__TASK DIRECTIONS__
Search the records below for the word "from". Pull out each line that has it.

Data entries
☆ ☆ ☆

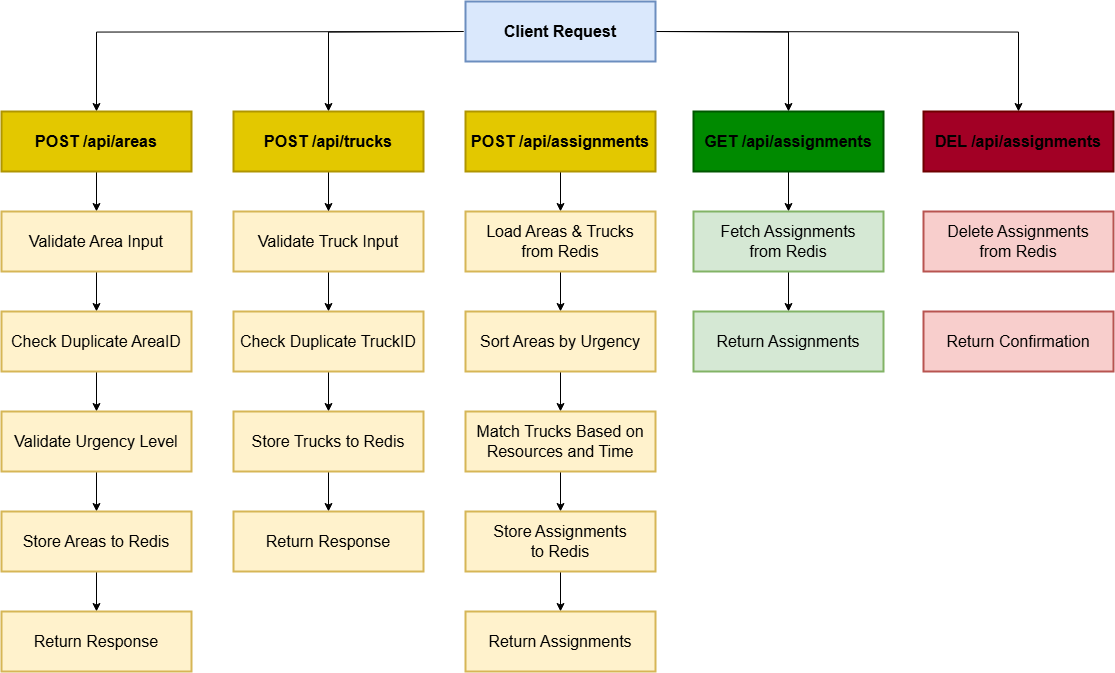

The diagram above was exported from draw.io. Its source (the exported page's mxGraphModel, read from the mxfile embedded in the PNG):
<mxGraphModel dx="2864" dy="1073" grid="1" gridSize="10" guides="1" tooltips="1" connect="1" arrows="1" fold="1" page="1" pageScale="1" pageWidth="827" pageHeight="1169" background="#ffffff" math="0" shadow="0">
  <root>
    <mxCell id="WIyWlLk6GJQsqaUBKTNV-0" />
    <mxCell id="WIyWlLk6GJQsqaUBKTNV-1" parent="WIyWlLk6GJQsqaUBKTNV-0" />
    <mxCell id="zvFYjhG8P64Olx1bM0mI-7" style="edgeStyle=orthogonalEdgeStyle;rounded=0;orthogonalLoop=1;jettySize=auto;html=1;" edge="1" parent="WIyWlLk6GJQsqaUBKTNV-1" target="zvFYjhG8P64Olx1bM0mI-1">
      <mxGeometry relative="1" as="geometry">
        <mxPoint x="320" y="100" as="sourcePoint" />
      </mxGeometry>
    </mxCell>
    <mxCell id="zvFYjhG8P64Olx1bM0mI-31" style="edgeStyle=orthogonalEdgeStyle;rounded=0;orthogonalLoop=1;jettySize=auto;html=1;" edge="1" parent="WIyWlLk6GJQsqaUBKTNV-1" target="zvFYjhG8P64Olx1bM0mI-24">
      <mxGeometry relative="1" as="geometry">
        <mxPoint x="320" y="100" as="sourcePoint" />
      </mxGeometry>
    </mxCell>
    <mxCell id="zvFYjhG8P64Olx1bM0mI-32" style="edgeStyle=orthogonalEdgeStyle;rounded=0;orthogonalLoop=1;jettySize=auto;html=1;" edge="1" parent="WIyWlLk6GJQsqaUBKTNV-1" target="zvFYjhG8P64Olx1bM0mI-27">
      <mxGeometry relative="1" as="geometry">
        <mxPoint x="510" y="100" as="sourcePoint" />
      </mxGeometry>
    </mxCell>
    <mxCell id="zvFYjhG8P64Olx1bM0mI-33" style="edgeStyle=orthogonalEdgeStyle;rounded=0;orthogonalLoop=1;jettySize=auto;html=1;" edge="1" parent="WIyWlLk6GJQsqaUBKTNV-1" target="zvFYjhG8P64Olx1bM0mI-29">
      <mxGeometry relative="1" as="geometry">
        <mxPoint x="510" y="100" as="sourcePoint" />
      </mxGeometry>
    </mxCell>
    <mxCell id="zvFYjhG8P64Olx1bM0mI-40" style="edgeStyle=orthogonalEdgeStyle;rounded=0;orthogonalLoop=1;jettySize=auto;html=1;" edge="1" parent="WIyWlLk6GJQsqaUBKTNV-1" source="zvFYjhG8P64Olx1bM0mI-1" target="zvFYjhG8P64Olx1bM0mI-26">
      <mxGeometry relative="1" as="geometry" />
    </mxCell>
    <mxCell id="zvFYjhG8P64Olx1bM0mI-1" value="POST /api/areas" style="rounded=0;whiteSpace=wrap;html=1;fontSize=16;fillColor=#e3c800;strokeColor=#B09500;strokeWidth=2;fontColor=#000000;fontStyle=1" vertex="1" parent="WIyWlLk6GJQsqaUBKTNV-1">
      <mxGeometry x="-142" y="180" width="190" height="60" as="geometry" />
    </mxCell>
    <mxCell id="zvFYjhG8P64Olx1bM0mI-52" style="edgeStyle=orthogonalEdgeStyle;rounded=0;orthogonalLoop=1;jettySize=auto;html=1;" edge="1" parent="WIyWlLk6GJQsqaUBKTNV-1" source="zvFYjhG8P64Olx1bM0mI-22" target="zvFYjhG8P64Olx1bM0mI-23">
      <mxGeometry relative="1" as="geometry" />
    </mxCell>
    <mxCell id="zvFYjhG8P64Olx1bM0mI-22" value="Validate Truck Input" style="rounded=0;whiteSpace=wrap;html=1;fontSize=16;fillColor=#fff2cc;strokeColor=#d6b656;strokeWidth=2;" vertex="1" parent="WIyWlLk6GJQsqaUBKTNV-1">
      <mxGeometry x="90" y="280" width="190" height="60" as="geometry" />
    </mxCell>
    <mxCell id="zvFYjhG8P64Olx1bM0mI-53" style="edgeStyle=orthogonalEdgeStyle;rounded=0;orthogonalLoop=1;jettySize=auto;html=1;" edge="1" parent="WIyWlLk6GJQsqaUBKTNV-1" source="zvFYjhG8P64Olx1bM0mI-23" target="zvFYjhG8P64Olx1bM0mI-45">
      <mxGeometry relative="1" as="geometry" />
    </mxCell>
    <mxCell id="zvFYjhG8P64Olx1bM0mI-23" value="Check Duplicate TruckID" style="rounded=0;whiteSpace=wrap;html=1;fontSize=16;fillColor=#fff2cc;strokeColor=#d6b656;strokeWidth=2;" vertex="1" parent="WIyWlLk6GJQsqaUBKTNV-1">
      <mxGeometry x="90" y="380" width="190" height="60" as="geometry" />
    </mxCell>
    <mxCell id="zvFYjhG8P64Olx1bM0mI-51" style="edgeStyle=orthogonalEdgeStyle;rounded=0;orthogonalLoop=1;jettySize=auto;html=1;" edge="1" parent="WIyWlLk6GJQsqaUBKTNV-1" source="zvFYjhG8P64Olx1bM0mI-24" target="zvFYjhG8P64Olx1bM0mI-22">
      <mxGeometry relative="1" as="geometry" />
    </mxCell>
    <mxCell id="zvFYjhG8P64Olx1bM0mI-24" value="POST /api/trucks" style="rounded=0;whiteSpace=wrap;html=1;fontSize=16;fillColor=#e3c800;strokeColor=#B09500;strokeWidth=2;fontColor=#000000;fontStyle=1" vertex="1" parent="WIyWlLk6GJQsqaUBKTNV-1">
      <mxGeometry x="90" y="180" width="190" height="60" as="geometry" />
    </mxCell>
    <mxCell id="zvFYjhG8P64Olx1bM0mI-57" style="edgeStyle=orthogonalEdgeStyle;rounded=0;orthogonalLoop=1;jettySize=auto;html=1;" edge="1" parent="WIyWlLk6GJQsqaUBKTNV-1" source="zvFYjhG8P64Olx1bM0mI-25" target="zvFYjhG8P64Olx1bM0mI-48">
      <mxGeometry relative="1" as="geometry" />
    </mxCell>
    <mxCell id="zvFYjhG8P64Olx1bM0mI-25" value="POST /api/assignments" style="rounded=0;whiteSpace=wrap;html=1;fontSize=16;fillColor=#e3c800;strokeColor=#B09500;strokeWidth=2;fontColor=#000000;fontStyle=1" vertex="1" parent="WIyWlLk6GJQsqaUBKTNV-1">
      <mxGeometry x="322" y="180" width="190" height="60" as="geometry" />
    </mxCell>
    <mxCell id="zvFYjhG8P64Olx1bM0mI-41" style="edgeStyle=orthogonalEdgeStyle;rounded=0;orthogonalLoop=1;jettySize=auto;html=1;" edge="1" parent="WIyWlLk6GJQsqaUBKTNV-1" source="zvFYjhG8P64Olx1bM0mI-26" target="zvFYjhG8P64Olx1bM0mI-35">
      <mxGeometry relative="1" as="geometry" />
    </mxCell>
    <mxCell id="zvFYjhG8P64Olx1bM0mI-26" value="Validate Area Input" style="rounded=0;whiteSpace=wrap;html=1;fontSize=16;fillColor=#fff2cc;strokeColor=#d6b656;strokeWidth=2;" vertex="1" parent="WIyWlLk6GJQsqaUBKTNV-1">
      <mxGeometry x="-142" y="280" width="190" height="60" as="geometry" />
    </mxCell>
    <mxCell id="zvFYjhG8P64Olx1bM0mI-63" style="edgeStyle=orthogonalEdgeStyle;rounded=0;orthogonalLoop=1;jettySize=auto;html=1;" edge="1" parent="WIyWlLk6GJQsqaUBKTNV-1" source="zvFYjhG8P64Olx1bM0mI-27" target="zvFYjhG8P64Olx1bM0mI-62">
      <mxGeometry relative="1" as="geometry" />
    </mxCell>
    <mxCell id="zvFYjhG8P64Olx1bM0mI-27" value="&lt;span style=&quot;&quot;&gt;GET /api/assignments&lt;/span&gt;" style="rounded=0;whiteSpace=wrap;html=1;fontSize=16;fillColor=#008a00;strokeColor=#005700;strokeWidth=2;fontColor=#000000;fontStyle=1" vertex="1" parent="WIyWlLk6GJQsqaUBKTNV-1">
      <mxGeometry x="550" y="180" width="190" height="60" as="geometry" />
    </mxCell>
    <mxCell id="zvFYjhG8P64Olx1bM0mI-29" value="&lt;span style=&quot;&quot;&gt;DEL /api/assignments&lt;/span&gt;" style="rounded=0;whiteSpace=wrap;html=1;fontSize=16;fillColor=#a20025;strokeColor=#6F0000;strokeWidth=2;fontColor=#000000;fontStyle=1" vertex="1" parent="WIyWlLk6GJQsqaUBKTNV-1">
      <mxGeometry x="780" y="180" width="190" height="60" as="geometry" />
    </mxCell>
    <mxCell id="zvFYjhG8P64Olx1bM0mI-42" style="edgeStyle=orthogonalEdgeStyle;rounded=0;orthogonalLoop=1;jettySize=auto;html=1;" edge="1" parent="WIyWlLk6GJQsqaUBKTNV-1" source="zvFYjhG8P64Olx1bM0mI-35" target="zvFYjhG8P64Olx1bM0mI-36">
      <mxGeometry relative="1" as="geometry" />
    </mxCell>
    <mxCell id="zvFYjhG8P64Olx1bM0mI-35" value="Check Duplicate AreaID" style="rounded=0;whiteSpace=wrap;html=1;fontSize=16;fillColor=#fff2cc;strokeColor=#d6b656;strokeWidth=2;" vertex="1" parent="WIyWlLk6GJQsqaUBKTNV-1">
      <mxGeometry x="-142" y="380" width="190" height="60" as="geometry" />
    </mxCell>
    <mxCell id="zvFYjhG8P64Olx1bM0mI-43" style="edgeStyle=orthogonalEdgeStyle;rounded=0;orthogonalLoop=1;jettySize=auto;html=1;entryX=0.5;entryY=0;entryDx=0;entryDy=0;" edge="1" parent="WIyWlLk6GJQsqaUBKTNV-1" source="zvFYjhG8P64Olx1bM0mI-36" target="zvFYjhG8P64Olx1bM0mI-37">
      <mxGeometry relative="1" as="geometry" />
    </mxCell>
    <mxCell id="zvFYjhG8P64Olx1bM0mI-36" value="Validate Urgency Level" style="rounded=0;whiteSpace=wrap;html=1;fontSize=16;fillColor=#fff2cc;strokeColor=#d6b656;strokeWidth=2;" vertex="1" parent="WIyWlLk6GJQsqaUBKTNV-1">
      <mxGeometry x="-142" y="480" width="190" height="60" as="geometry" />
    </mxCell>
    <mxCell id="zvFYjhG8P64Olx1bM0mI-44" style="edgeStyle=orthogonalEdgeStyle;rounded=0;orthogonalLoop=1;jettySize=auto;html=1;" edge="1" parent="WIyWlLk6GJQsqaUBKTNV-1" source="zvFYjhG8P64Olx1bM0mI-37" target="zvFYjhG8P64Olx1bM0mI-38">
      <mxGeometry relative="1" as="geometry" />
    </mxCell>
    <mxCell id="zvFYjhG8P64Olx1bM0mI-37" value="Store Areas to Redis" style="rounded=0;whiteSpace=wrap;html=1;fontSize=16;fillColor=#fff2cc;strokeColor=#d6b656;strokeWidth=2;" vertex="1" parent="WIyWlLk6GJQsqaUBKTNV-1">
      <mxGeometry x="-142" y="580" width="190" height="60" as="geometry" />
    </mxCell>
    <mxCell id="zvFYjhG8P64Olx1bM0mI-38" value="Return Response" style="rounded=0;whiteSpace=wrap;html=1;fontSize=16;fillColor=#fff2cc;strokeColor=#d6b656;strokeWidth=2;" vertex="1" parent="WIyWlLk6GJQsqaUBKTNV-1">
      <mxGeometry x="-142" y="680" width="190" height="60" as="geometry" />
    </mxCell>
    <mxCell id="zvFYjhG8P64Olx1bM0mI-47" style="edgeStyle=orthogonalEdgeStyle;rounded=0;orthogonalLoop=1;jettySize=auto;html=1;" edge="1" parent="WIyWlLk6GJQsqaUBKTNV-1" source="zvFYjhG8P64Olx1bM0mI-45" target="zvFYjhG8P64Olx1bM0mI-46">
      <mxGeometry relative="1" as="geometry" />
    </mxCell>
    <mxCell id="zvFYjhG8P64Olx1bM0mI-45" value="Store Trucks to Redis" style="rounded=0;whiteSpace=wrap;html=1;fontSize=16;fillColor=#fff2cc;strokeColor=#d6b656;strokeWidth=2;" vertex="1" parent="WIyWlLk6GJQsqaUBKTNV-1">
      <mxGeometry x="90" y="480" width="190" height="60" as="geometry" />
    </mxCell>
    <mxCell id="zvFYjhG8P64Olx1bM0mI-46" value="Return Response" style="rounded=0;whiteSpace=wrap;html=1;fontSize=16;fillColor=#fff2cc;strokeColor=#d6b656;strokeWidth=2;" vertex="1" parent="WIyWlLk6GJQsqaUBKTNV-1">
      <mxGeometry x="90" y="580" width="190" height="60" as="geometry" />
    </mxCell>
    <mxCell id="zvFYjhG8P64Olx1bM0mI-58" style="edgeStyle=orthogonalEdgeStyle;rounded=0;orthogonalLoop=1;jettySize=auto;html=1;" edge="1" parent="WIyWlLk6GJQsqaUBKTNV-1" source="zvFYjhG8P64Olx1bM0mI-48" target="zvFYjhG8P64Olx1bM0mI-49">
      <mxGeometry relative="1" as="geometry" />
    </mxCell>
    <mxCell id="zvFYjhG8P64Olx1bM0mI-48" value="Load Areas &amp;amp; Trucks &lt;br&gt;from Redis" style="rounded=0;whiteSpace=wrap;html=1;fontSize=16;fillColor=#fff2cc;strokeColor=#d6b656;strokeWidth=2;" vertex="1" parent="WIyWlLk6GJQsqaUBKTNV-1">
      <mxGeometry x="322" y="280" width="190" height="60" as="geometry" />
    </mxCell>
    <mxCell id="zvFYjhG8P64Olx1bM0mI-59" style="edgeStyle=orthogonalEdgeStyle;rounded=0;orthogonalLoop=1;jettySize=auto;html=1;" edge="1" parent="WIyWlLk6GJQsqaUBKTNV-1" source="zvFYjhG8P64Olx1bM0mI-49" target="zvFYjhG8P64Olx1bM0mI-50">
      <mxGeometry relative="1" as="geometry" />
    </mxCell>
    <mxCell id="zvFYjhG8P64Olx1bM0mI-49" value="Sort Areas by Urgency" style="rounded=0;whiteSpace=wrap;html=1;fontSize=16;fillColor=#fff2cc;strokeColor=#d6b656;strokeWidth=2;" vertex="1" parent="WIyWlLk6GJQsqaUBKTNV-1">
      <mxGeometry x="322" y="380" width="190" height="60" as="geometry" />
    </mxCell>
    <mxCell id="zvFYjhG8P64Olx1bM0mI-60" style="edgeStyle=orthogonalEdgeStyle;rounded=0;orthogonalLoop=1;jettySize=auto;html=1;" edge="1" parent="WIyWlLk6GJQsqaUBKTNV-1" source="zvFYjhG8P64Olx1bM0mI-50" target="zvFYjhG8P64Olx1bM0mI-55">
      <mxGeometry relative="1" as="geometry" />
    </mxCell>
    <mxCell id="zvFYjhG8P64Olx1bM0mI-50" value="Match Trucks Based on Resources and Time" style="rounded=0;whiteSpace=wrap;html=1;fontSize=16;fillColor=#fff2cc;strokeColor=#d6b656;strokeWidth=2;" vertex="1" parent="WIyWlLk6GJQsqaUBKTNV-1">
      <mxGeometry x="322" y="480" width="190" height="60" as="geometry" />
    </mxCell>
    <mxCell id="zvFYjhG8P64Olx1bM0mI-61" style="edgeStyle=orthogonalEdgeStyle;rounded=0;orthogonalLoop=1;jettySize=auto;html=1;entryX=0.5;entryY=0;entryDx=0;entryDy=0;" edge="1" parent="WIyWlLk6GJQsqaUBKTNV-1" source="zvFYjhG8P64Olx1bM0mI-55" target="zvFYjhG8P64Olx1bM0mI-56">
      <mxGeometry relative="1" as="geometry" />
    </mxCell>
    <mxCell id="zvFYjhG8P64Olx1bM0mI-55" value="Store Assignments &lt;br&gt;to Redis" style="rounded=0;whiteSpace=wrap;html=1;fontSize=16;fillColor=#fff2cc;strokeColor=#d6b656;strokeWidth=2;" vertex="1" parent="WIyWlLk6GJQsqaUBKTNV-1">
      <mxGeometry x="322" y="580" width="190" height="60" as="geometry" />
    </mxCell>
    <mxCell id="zvFYjhG8P64Olx1bM0mI-56" value="Return Assignments" style="rounded=0;whiteSpace=wrap;html=1;fontSize=16;fillColor=#fff2cc;strokeColor=#d6b656;strokeWidth=2;" vertex="1" parent="WIyWlLk6GJQsqaUBKTNV-1">
      <mxGeometry x="322" y="680" width="190" height="60" as="geometry" />
    </mxCell>
    <mxCell id="zvFYjhG8P64Olx1bM0mI-65" style="edgeStyle=orthogonalEdgeStyle;rounded=0;orthogonalLoop=1;jettySize=auto;html=1;" edge="1" parent="WIyWlLk6GJQsqaUBKTNV-1" source="zvFYjhG8P64Olx1bM0mI-62" target="zvFYjhG8P64Olx1bM0mI-64">
      <mxGeometry relative="1" as="geometry" />
    </mxCell>
    <mxCell id="zvFYjhG8P64Olx1bM0mI-62" value="&lt;span style=&quot;&quot;&gt;Fetch Assignments&lt;br&gt;&lt;/span&gt;&lt;div&gt;&lt;span style=&quot;&quot;&gt;from Redis&lt;/span&gt;&lt;/div&gt;" style="rounded=0;whiteSpace=wrap;html=1;fontSize=16;fillColor=#d5e8d4;strokeColor=#82b366;strokeWidth=2;fontColor=default;" vertex="1" parent="WIyWlLk6GJQsqaUBKTNV-1">
      <mxGeometry x="550" y="280" width="190" height="60" as="geometry" />
    </mxCell>
    <mxCell id="zvFYjhG8P64Olx1bM0mI-64" value="&lt;span style=&quot;&quot;&gt;Return Assignments&lt;/span&gt;" style="rounded=0;whiteSpace=wrap;html=1;fontSize=16;fillColor=#d5e8d4;strokeColor=#82b366;strokeWidth=2;fontColor=default;" vertex="1" parent="WIyWlLk6GJQsqaUBKTNV-1">
      <mxGeometry x="550" y="380" width="190" height="60" as="geometry" />
    </mxCell>
    <mxCell id="zvFYjhG8P64Olx1bM0mI-66" value="&lt;span style=&quot;&quot;&gt;Delete Assignments&lt;br&gt;from Redis&lt;/span&gt;" style="rounded=0;whiteSpace=wrap;html=1;fontSize=16;fillColor=#f8cecc;strokeColor=#b85450;strokeWidth=2;" vertex="1" parent="WIyWlLk6GJQsqaUBKTNV-1">
      <mxGeometry x="780" y="280" width="190" height="60" as="geometry" />
    </mxCell>
    <mxCell id="zvFYjhG8P64Olx1bM0mI-67" value="&lt;span style=&quot;&quot;&gt;Return Confirmation&lt;/span&gt;" style="rounded=0;whiteSpace=wrap;html=1;fontSize=16;fillColor=#f8cecc;strokeColor=#b85450;strokeWidth=2;" vertex="1" parent="WIyWlLk6GJQsqaUBKTNV-1">
      <mxGeometry x="780" y="380" width="190" height="60" as="geometry" />
    </mxCell>
    <mxCell id="zvFYjhG8P64Olx1bM0mI-68" value="Client Request" style="rounded=0;whiteSpace=wrap;html=1;fontSize=16;fillColor=#dae8fc;strokeColor=#6c8ebf;strokeWidth=2;fontStyle=1" vertex="1" parent="WIyWlLk6GJQsqaUBKTNV-1">
      <mxGeometry x="322" y="70" width="190" height="60" as="geometry" />
    </mxCell>
  </root>
</mxGraphModel>

☆ ☆ ☆

__RESPONSE AREA__
The diagram above was exported from draw.io. Its source (the exported page's mxGraphModel, read from the mxfile embedded in the PNG):
    <mxCell id="zvFYjhG8P64Olx1bM0mI-48" value="Load Areas &amp;amp; Trucks &lt;br&gt;from Redis" style="rounded=0;whiteSpace=wrap;html=1;fontSize=16;fillColor=#fff2cc;strokeColor=#d6b656;strokeWidth=2;" vertex="1" parent="WIyWlLk6GJQsqaUBKTNV-1">
    <mxCell id="zvFYjhG8P64Olx1bM0mI-62" value="&lt;span style=&quot;&quot;&gt;Fetch Assignments&lt;br&gt;&lt;/span&gt;&lt;div&gt;&lt;span style=&quot;&quot;&gt;from Redis&lt;/span&gt;&lt;/div&gt;" style="rounded=0;whiteSpace=wrap;html=1;fontSize=16;fillColor=#d5e8d4;strokeColor=#82b366;strokeWidth=2;fontColor=default;" vertex="1" parent="WIyWlLk6GJQsqaUBKTNV-1">
    <mxCell id="zvFYjhG8P64Olx1bM0mI-66" value="&lt;span style=&quot;&quot;&gt;Delete Assignments&lt;br&gt;from Redis&lt;/span&gt;" style="rounded=0;whiteSpace=wrap;html=1;fontSize=16;fillColor=#f8cecc;strokeColor=#b85450;strokeWidth=2;" vertex="1" parent="WIyWlLk6GJQsqaUBKTNV-1">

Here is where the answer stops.